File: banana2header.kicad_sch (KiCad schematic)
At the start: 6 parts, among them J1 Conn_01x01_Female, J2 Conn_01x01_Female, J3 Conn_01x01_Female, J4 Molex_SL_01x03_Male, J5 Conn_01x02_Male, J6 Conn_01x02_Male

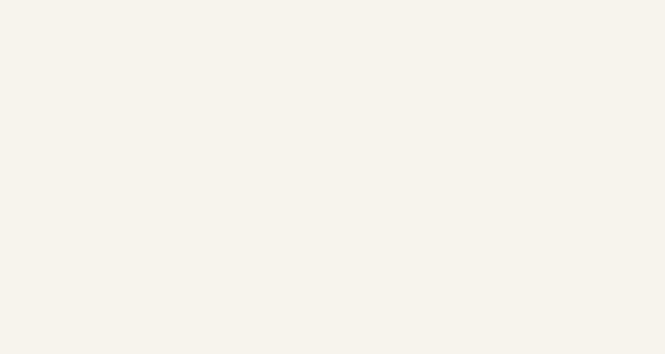
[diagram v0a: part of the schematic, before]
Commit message: add license decal
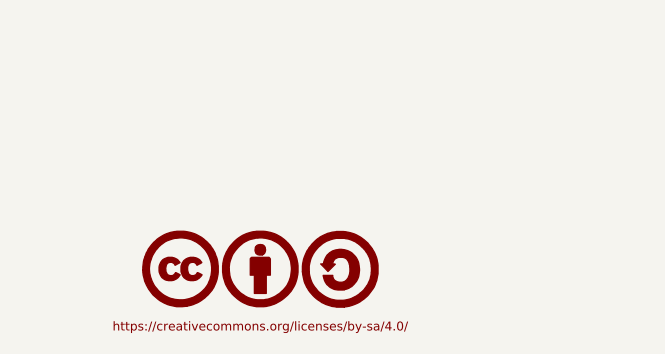
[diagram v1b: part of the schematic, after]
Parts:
- added LOGO1: CC-BY-SA_0.33in, Symbol_CreativeCommons:CC-BY-SA_SilkScreenTop_Small, symbol Creative_Commons:CC-BY-SA_0.33in
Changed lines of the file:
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@@
     (pin "1")
+  )
+  (symbol (lib_id "Creative_Commons:CC-BY-SA_0.33in") (at 153.67 180.34 0) (unit 1)
+    (in_bom yes) (on_board yes) (fields_autoplaced)
+    (property "Reference" "LOGO1" (id 0) (at 153.67 183.7944 0)
+      (effects (font (size 1.524 1.524)) hide)
+    )
+    (property "Value" "CC-BY-SA_0.33in" (id 1) (at 153.67 176.8856 0)
+      (effects (font (size 1.524 1.524)) hide)
+    )
+    (property "Footprint" "Symbol_CreativeCommons:CC-BY-SA_SilkScreenTop_Small" (id 2) (at 153.67 180.34 0)
+      (effects (font (size 1.27 1.27)) hide)
+    )
+    (property "Datasheet" "" (id 3) (at 153.67 180.34 0)
+      (effects (font (size 1.27 1.27)) hide)
+    )
   )
   (symbol (lib_id "Connector:Conn_01x01_Female") (at 149.86 77.47 0) (mirror y) (unit 1)
@@
       (reference "J6") (unit 1) (value "Conn_01x02_Male") (footprint "Connector_PinHeader_2.54mm:PinHeader_1x02_P2.54mm_Vertical")
     )
+    (path "/503c64e8-98a8-4b52-b5e7-484b5c98130a"
+      (reference "LOGO1") (unit 1) (value "CC-BY-SA_0.33in") (footprint "Symbol_CreativeCommons:CC-BY-SA_SilkScreenTop_Small")
+    )
   )

^^^^

_Assigned task_
Would you return the data above exactly as written, minus the images?

_Task output_
File: banana2header.kicad_sch (KiCad schematic)
At the start: 6 parts, among them J1 Conn_01x01_Female, J2 Conn_01x01_Female, J3 Conn_01x01_Female, J4 Molex_SL_01x03_Male, J5 Conn_01x02_Male, J6 Conn_01x02_Male

[diagram v0a: part of the schematic, before]
Commit message: add license decal
[diagram v1b: part of the schematic, after]
Parts:
- added LOGO1: CC-BY-SA_0.33in, Symbol_CreativeCommons:CC-BY-SA_SilkScreenTop_Small, symbol Creative_Commons:CC-BY-SA_0.33in
Changed lines of the file:
@@
     (pin "1")
+  )
+  (symbol (lib_id "Creative_Commons:CC-BY-SA_0.33in") (at 153.67 180.34 0) (unit 1)
+    (in_bom yes) (on_board yes) (fields_autoplaced)
+    (property "Reference" "LOGO1" (id 0) (at 153.67 183.7944 0)
+      (effects (font (size 1.524 1.524)) hide)
+    )
+    (property "Value" "CC-BY-SA_0.33in" (id 1) (at 153.67 176.8856 0)
+      (effects (font (size 1.524 1.524)) hide)
+    )
+    (property "Footprint" "Symbol_CreativeCommons:CC-BY-SA_SilkScreenTop_Small" (id 2) (at 153.67 180.34 0)
+      (effects (font (size 1.27 1.27)) hide)
+    )
+    (property "Datasheet" "" (id 3) (at 153.67 180.34 0)
+      (effects (font (size 1.27 1.27)) hide)
+    )
   )
   (symbol (lib_id "Connector:Conn_01x01_Female") (at 149.86 77.47 0) (mirror y) (unit 1)
@@
       (reference "J6") (unit 1) (value "Conn_01x02_Male") (footprint "Connector_PinHeader_2.54mm:PinHeader_1x02_P2.54mm_Vertical")
     )
+    (path "/503c64e8-98a8-4b52-b5e7-484b5c98130a"
+      (reference "LOGO1") (unit 1) (value "CC-BY-SA_0.33in") (footprint "Symbol_CreativeCommons:CC-BY-SA_SilkScreenTop_Small")
+    )
   )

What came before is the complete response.